Эллен — женщина весьма привлекательная, заботящаяся о своей внешности, несмотря на то ли восьмерых, то ли десятерых своих детей, которых она регулярно бранила за испачканную одежду, грязные руки, за принесенную в дом живую рыбу. Полагаю, таков удел всех матерей.
Однако за ее строгостью скрывалось прекрасное чувство юмора, и ей страшно нравилось подтрунивать надо мной и укорять за забывчивость и некомпетентность. Порой она вздымала руки и заявляла, что ужина не будет и горячей воды тоже. И только оказавшись на ступенях своего дома, она разражалась смехом, уткнувшись в колени и обхватив их руками, при виде моего наигранного отчаяния.
Эллен с интересом наблюдала за тем, как я ем, а Смол Том засыпал меня вопросами о жизни в Европе, которые варьировали от конкретных «Что такое поезд?» до самых фантастических «Как вы справляетесь с дикими львами в своих садах?». На этот счет я его быстро успокоил, хотя и вынужден был добавить, что погода редко позволяла мне прогуливаться по окрестностям.
— Мне как-то говорили, что в консервированном мясе содержится человечина. Это правда, мистер Уилл? — изнемогая от любопытства, спрашивал Смол Том.
Лично я не слышал о том, чтобы подобные сведения широко анонсировались, однако, живя в мире, управляемом гигантами пищевой промышленности, ничему нельзя было удивляться. Поэтому мне ничего не оставалось, как признаться в своей неосведомленности. На что Смол Том лишь кивнул с непроницаемым видом.
Однажды, когда Эллен убирала остатки очередной аквариумной рыбы и сладкого картофеля, из-за угла появилась фигура, которой предстояло сыграть существенную роль в моей новой жизни.
Это был огромный детина с потрясающими волосами. Завязанные на затылке, несколько аккуратных хвостиков двигались словно отдельно от него, создавая парящее над головой облако. Поэтому у меня не вызвало удивления, что его зовут Волосатик с Кисточками, а сокращенно — просто Кисточкой. (Лишь по прошествии нескольких месяцев я узнал, что на самом деле его имя Эдвард, однако он пользовался им лишь во время официальных мероприятий, которые в деревне почти никогда не проводились.)
Его нескладная походка враскачку, обильная татуировка на лице и тяжелые серьги из ракушек, оттягивавшие мочки ушей, производили устрашающее впечатление и делали его похожим на пирата.

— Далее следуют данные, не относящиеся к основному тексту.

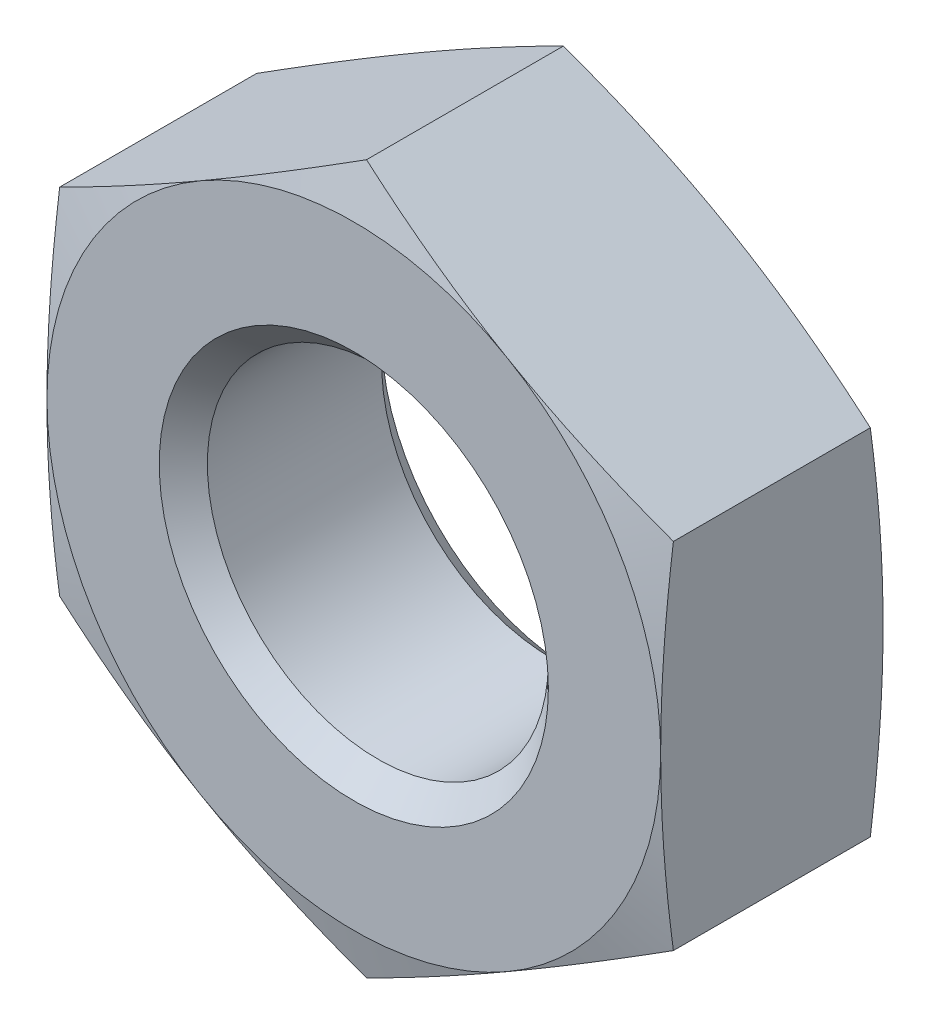
from build123d import *

# Parameters (mm, degrees)
SKETCH2_W          = 35.052
SKETCH2_H          = 35.052
CUT_EXTRUDE1_DEPTH = 6.35


with BuildPart() as part:
    # Sketch1 → Revolve1 (revolve)
    with BuildSketch(Plane(origin=(0, 0, 0), x_dir=(0, 0, -1), z_dir=(1, 0, 0))):
        Polygon((0, 0), (0, 8.763), (0.469607755, 10.5156), (5.880392245, 10.5156), (6.35, 8.763), (6.35, 0), align=None)
    revolve(axis=Axis((0, 0, -6.35), (0, 0, 1)))

    # Sketch2 → Cut-Extrude1 (cut)
    with BuildSketch(Plane.XY):
        Rectangle(SKETCH2_W, SKETCH2_H)
        Polygon((-8.763, -5.059320409), (0, -10.118640818), (8.763, -5.059320409), (8.763, 5.059320409), (0, 10.118640818), (-8.763, 5.059320409), align=None, mode=Mode.SUBTRACT)
    extrude(amount=-CUT_EXTRUDE1_DEPTH, mode=Mode.SUBTRACT)

    # Sketch3 → Cut-Revolve1 (revolve, cut)
    with BuildSketch(Plane(origin=(0, 0, 0), x_dir=(0, 0, -1), z_dir=(1, 0, 0))):
        Polygon((0, 0), (0, 5.55625), (0.68707, 4.86918), (5.66293, 4.86918), (6.35, 5.55625), (6.35, 0), align=None)
    revolve(axis=Axis((0, 0, -6.35), (0, 0, 1)), mode=Mode.SUBTRACT)


solid = part.part
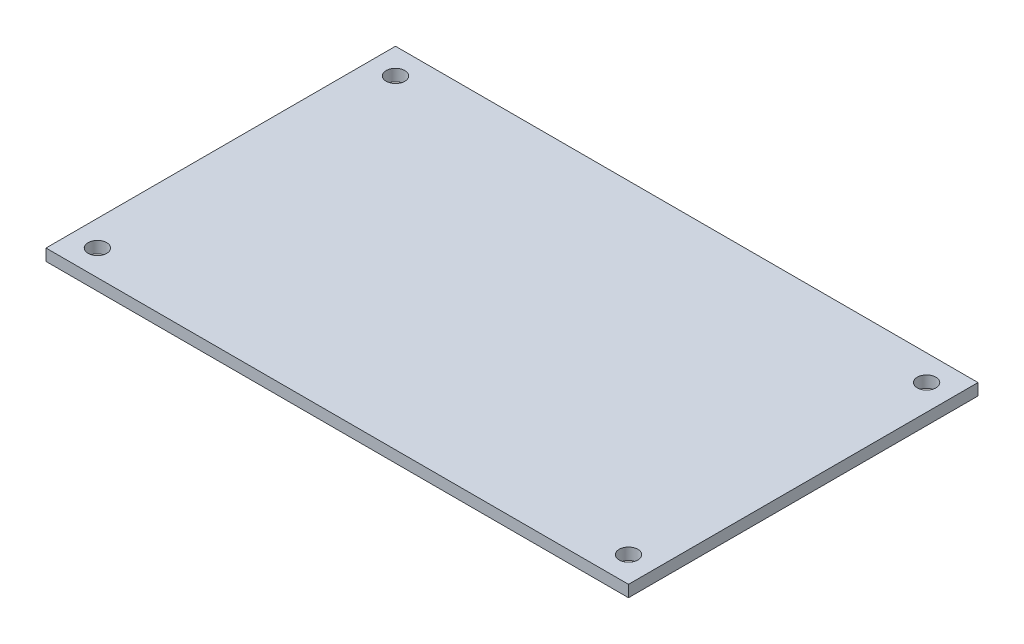
from build123d import *

# Parameters (mm, degrees)
SKETCH_1_W      = 100
SKETCH_1_H      = 60
SKETCH_1_R      = 1.6
EXTRUDE_1_DEPTH = 2


with BuildPart() as part:
    # Эскиз1 → Бобышка-Вытянуть1 (new body)
    with BuildSketch(Plane(origin=(0, 0, 0), x_dir=(1, 0, 0), z_dir=(0, 1, 0))):
        Rectangle(SKETCH_1_W, SKETCH_1_H)
        with Locations((-45.587653685, 25.587653685)):
            Circle(SKETCH_1_R, mode=Mode.SUBTRACT)
        with Locations((45.587653685, 25.587653685)):
            Circle(SKETCH_1_R, mode=Mode.SUBTRACT)
        with Locations((45.587653685, -25.587653685)):
            Circle(SKETCH_1_R, mode=Mode.SUBTRACT)
        with Locations((-45.587653685, -25.587653685)):
            Circle(SKETCH_1_R, mode=Mode.SUBTRACT)
    extrude(amount=EXTRUDE_1_DEPTH)


solid = part.part
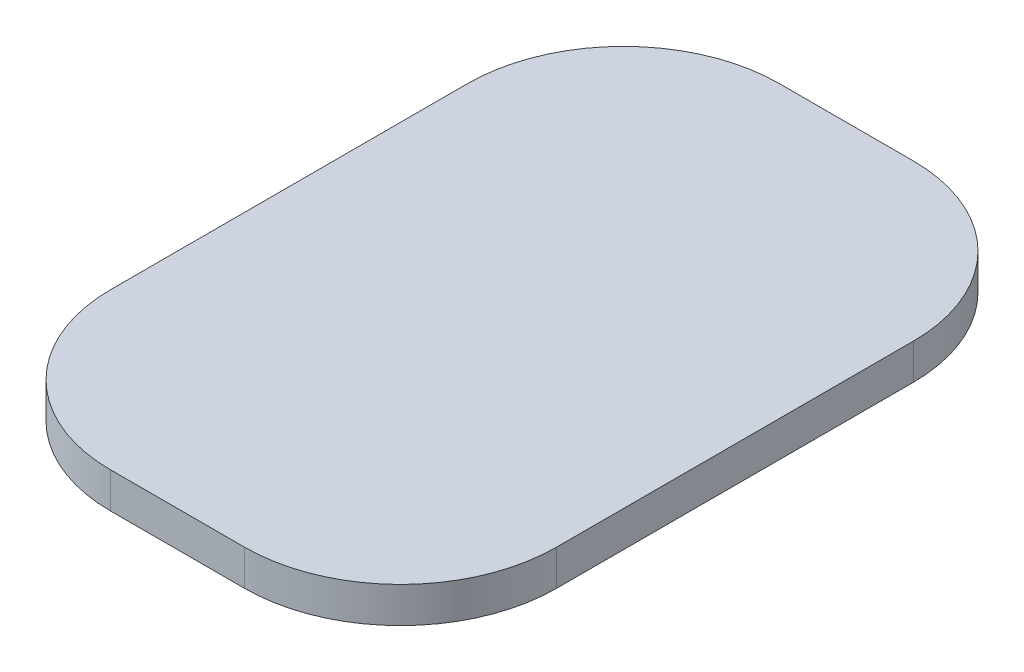
from build123d import *

# Parameters (mm, degrees)
SKETCH1_W           = 100
SKETCH1_H           = 150
BOSS_EXTRUDE1_DEPTH = 8
FILLET1_R           = 35


with BuildPart() as part:
    # Sketch1 → Boss-Extrude1 (new body)
    with BuildSketch(Plane(origin=(0, 0, 0), x_dir=(1, 0, 0), z_dir=(0, 1, 0))):
        with Locations((-28.338278932, -5.341246291)):
            Rectangle(SKETCH1_W, SKETCH1_H)
    extrude(amount=BOSS_EXTRUDE1_DEPTH)

    # Fillet1
    fillet1_edges = [part.edges().sort_by_distance(p)[0] for p in [
        (-78.338278932, 4, -69.658753709),
        (21.661721068, 4, -69.658753709),
        (21.661721068, 4, 80.341246291),
        (-78.338278932, 4, 80.341246291),
    ]]
    fillet(fillet1_edges, radius=FILLET1_R)


solid = part.part
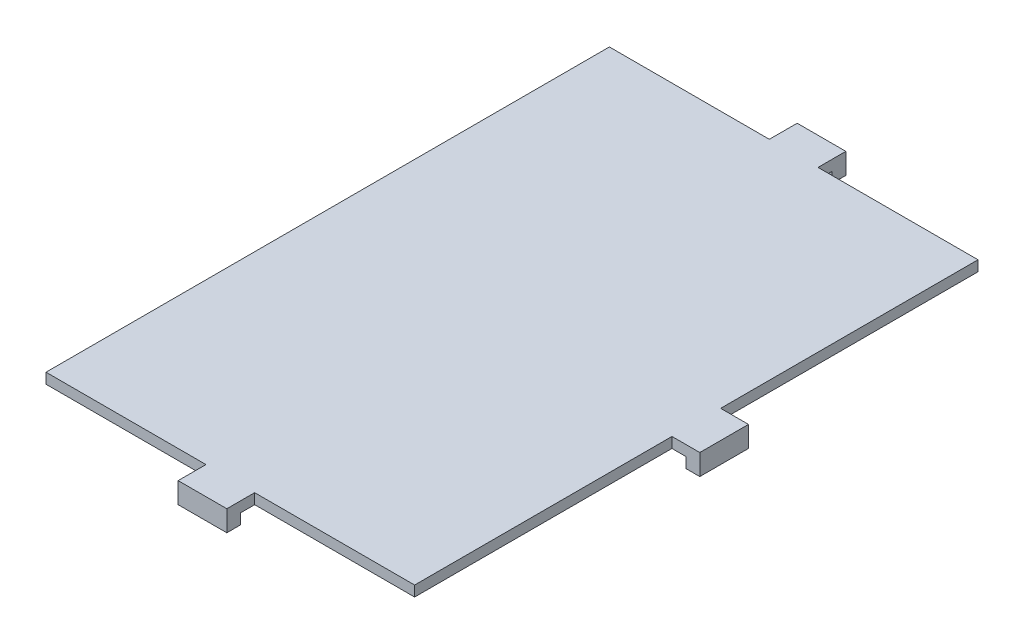
from build123d import *

# Parameters (mm, degrees)
BOSS_EXTRUDE1_DEPTH = 1.5
SKETCH2_W           = 7
SKETCH2_H           = 2
SKETCH2_W_2         = 2
SKETCH2_H_2         = 7
BOSS_EXTRUDE2_DEPTH = 3


with BuildPart() as part:
    # Sketch1 → Boss-Extrude1 (new body)
    with BuildSketch(Plane(origin=(0, 0, 0), x_dir=(1, 0, 0), z_dir=(0, 1, 0))):
        Polygon((30, 81), (53, 81), (53, 44), (55, 44), (55, 37), (53, 37), (53, 0), (30, 0), (30, -2), (23, -2), (23, 0), (0, 0), (0, 81), (23, 81), (23, 83), (30, 83), align=None)
    extrude(amount=BOSS_EXTRUDE1_DEPTH)

    # Sketch2 → Boss-Extrude2 (add)
    with BuildSketch(Plane(origin=(0, 1.5, 0), x_dir=(1, 0, 0), z_dir=(0, 1, 0))):
        with Locations((26.5, 84)):
            Rectangle(SKETCH2_W, SKETCH2_H)
        with Locations((56, 40.5)):
            Rectangle(SKETCH2_W_2, SKETCH2_H_2)
        with Locations((26.5, -3)):
            Rectangle(SKETCH2_W, SKETCH2_H)
    extrude(amount=-BOSS_EXTRUDE2_DEPTH)


solid = part.part
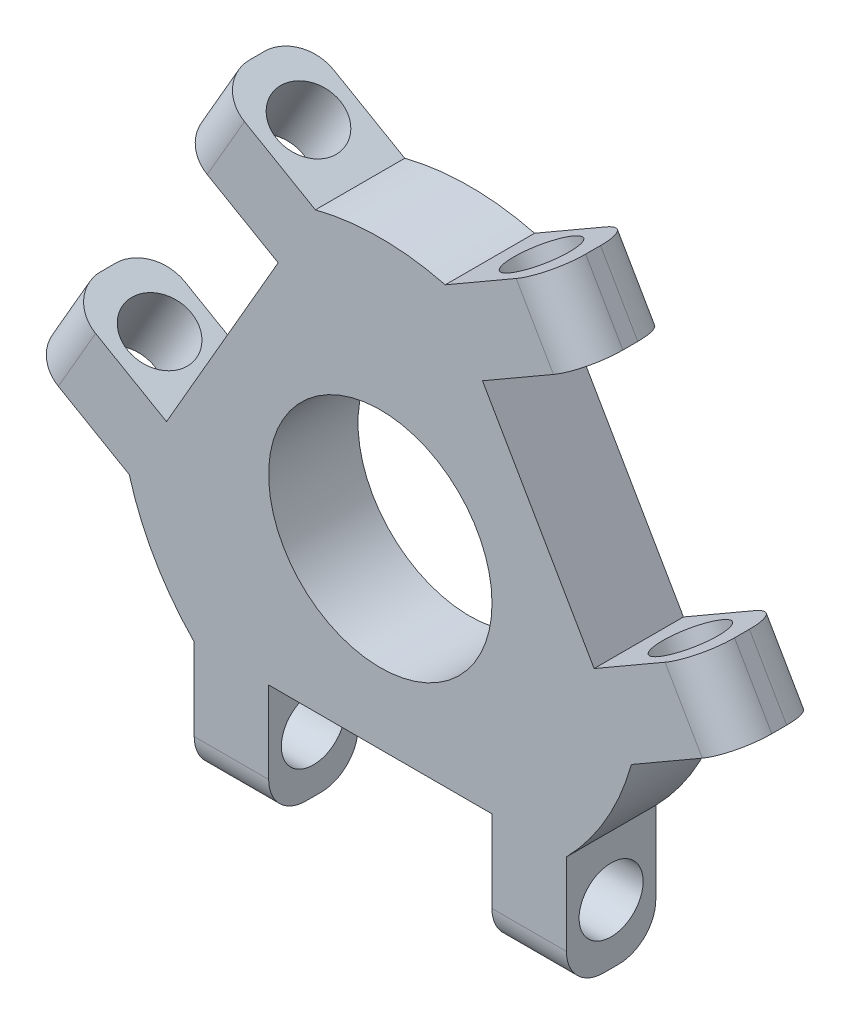
from build123d import *

# Parameters (mm, degrees)
SKETCH1_R                = 15
BOSS_EXTRUDE1_DEPTH      = 12
BOSS_EXTRUDE2_DEPTH      = 12
SKETCH3_R                = 4.3
CUT_EXTRUDE1_DEPTH       = 79.135824623
FILLET1_R                = 5
CIRPATTERN1_COUNT        = 3
FILLET1_OF_CIRPATTERN1_R = 5


with BuildPart() as part:
    # Sketch1 → Boss-Extrude1 (new body)
    with BuildSketch(Plane.XY):
        with BuildLine():
            Line((-8.720122643, 33.896304534), (-33.715122143, -9.396304534))
            ThreePointArc((-33.715122143, -9.396304534), (-30.310889132, -17.5), (-24.9949995, -24.5))
            Line((-24.9949995, -24.5), (24.9949995, -24.5))
            ThreePointArc((24.9949995, -24.5), (30.310889132, -17.5), (33.715122143, -9.396304534))
            Line((33.715122143, -9.396304534), (8.720122643, 33.896304534))
            ThreePointArc((8.720122643, 33.896304534), (0, 35), (-8.720122643, 33.896304534))
        make_face()
        Circle(SKETCH1_R, mode=Mode.SUBTRACT)
    extrude(amount=BOSS_EXTRUDE1_DEPTH)

    # Sketch2 → Boss-Extrude2 (add)
    with BuildSketch(Plane(origin=(0, 0, 0), x_dir=(-1, 0, 0), z_dir=(0, 0, -1))):
        Polygon((33.715122143, -9.396304534), (47.571528603, -1.396304534), (42.571528603, 7.263949503), (28.715122143, -0.736050497), align=None)
        Polygon((13.720122643, 25.236050497), (8.720122643, 33.896304534), (22.576529103, 41.896304534), (27.576529103, 33.236050497), align=None)
    boss_extrude2 = extrude(amount=-BOSS_EXTRUDE2_DEPTH)

    # Sketch3 → Cut-Extrude1 (cut, through all)
    with BuildSketch(Plane(origin=(-12.49749975, -21.646304534, 0), x_dir=(0.866025404, -0.5, 0), z_dir=(-0.5, -0.866025404, 0))):
        with Locations((-32.5, 6)):
            Circle(SKETCH3_R)
    cut_extrude1 = extrude(amount=-CUT_EXTRUDE1_DEPTH, mode=Mode.SUBTRACT)

    # Fillet1
    fillet1_edges = [part.edges().sort_by_distance(p)[0] for p in [
        (-45.071528603, 2.933822484, 12),
        (-45.071528603, 2.933822484, 0),
        (-25.076529103, 37.566177516, 12),
        (-25.076529103, 37.566177516, 0),
    ]]
    fillet(fillet1_edges, radius=FILLET1_R)

    # CirPattern1: Boss-Extrude2, Cut-Extrude1 ×3 about axis
    cirpattern1_axis = Axis((0, 0, 0), (0, 0, 1))
    for i in range(1, CIRPATTERN1_COUNT):
        add(boss_extrude2.rotate(cirpattern1_axis, i * 360 / CIRPATTERN1_COUNT))
        add(cut_extrude1.rotate(cirpattern1_axis, i * 360 / CIRPATTERN1_COUNT), mode=Mode.SUBTRACT)

    # Fillet1 of CirPattern1
    fillet1_of_cirpattern1_edges = [part.edges().sort_by_distance(p)[0] for p in [
        (19.9949995, -40.5, 12),
        (19.9949995, -40.5, 0),
        (-19.9949995, -40.5, 12),
        (-19.9949995, -40.5, 0),
        (25.076529103, 37.566177516, 12),
        (25.076529103, 37.566177516, 0),
        (45.071528603, 2.933822484, 12),
        (45.071528603, 2.933822484, 0),
    ]]
    fillet(fillet1_of_cirpattern1_edges, radius=FILLET1_OF_CIRPATTERN1_R)


solid = part.part

Когда он широко улыбался, обнаруживалось, что большая часть зубов у него отсутствует, а остальные, кривые и желтые, могли бы стать страшным сном стоматолога. И тем не менее, когда он разражался хриплым смехом, а глаза у него начинали блестеть, становилось понятно, почему он постоянно окружен целой стайкой детворы, которая следует за ним, куда бы он ни направлялся.
Как только Кисточка слышал свое имя, он тут же откликался: «Да, пожалуйста!», а если обсуждались планы на следующий день, он автоматически отвечал: «Конечно, почему бы нет?». В его жизни не было места тревогам и заботам, он не знал, что такое дилеммы и препятствия: фрукты и овощи росли в изобилии, а талант рыбака позволял ему добывать столько рыбы, что излишки он продавал в Мунде и покупал на вырученные деньги чай и табак, которые потреблял как истинный ценитель.
Во многих отношениях он являлся воплощением жизненной позиции всех островитян, считавших, что жить надо сегодняшним днем, и вполне уверенных в том, что земля, море и соседи не дадут им протянуть ноги. При отсутствии необходимости планировать будущее время утрачивало свое значение. Не считая западной одежды в виде тюков футболок и шорт, оставляемых белыми, а также тарелок и мисок, которые приобретались в Мунде, быт островитян по большей части оставался таким же, как за много веков до этого. И Кисточка, свободный от влияния общества потребления, как и остальные его соотечественники, продолжал жить в том же ритме, какому с доисторических времен следовали его предки.
Однажды, когда я с ним уже подружился, мы вместе отправились ловить рыбу, и через некоторое время, поболтав о том о сем, я спросил Кисточку, сколько ему лет. Он долго задумчиво молчал, глядя в воду и ожидая, когда кто-нибудь захватит его наживку, а затем бросил через плечо:
— Тридцать пять…
Он выдержал длинную паузу, вновь забросил леску и добавил:
— А может, сорок пять.
Это было сказано абсолютно серьезно, без всяких подмигиваний и дешевого кокетства — он на самом деле не видел в этом особой разницы. И я понял, что он не смог бы сказать точнее при всем своем желании. Соломоново время отбрасывало свою тень на человеческую память, путая годы и заставляя людей забывать о своем возрасте, если они вообще когда-нибудь о нем помнили.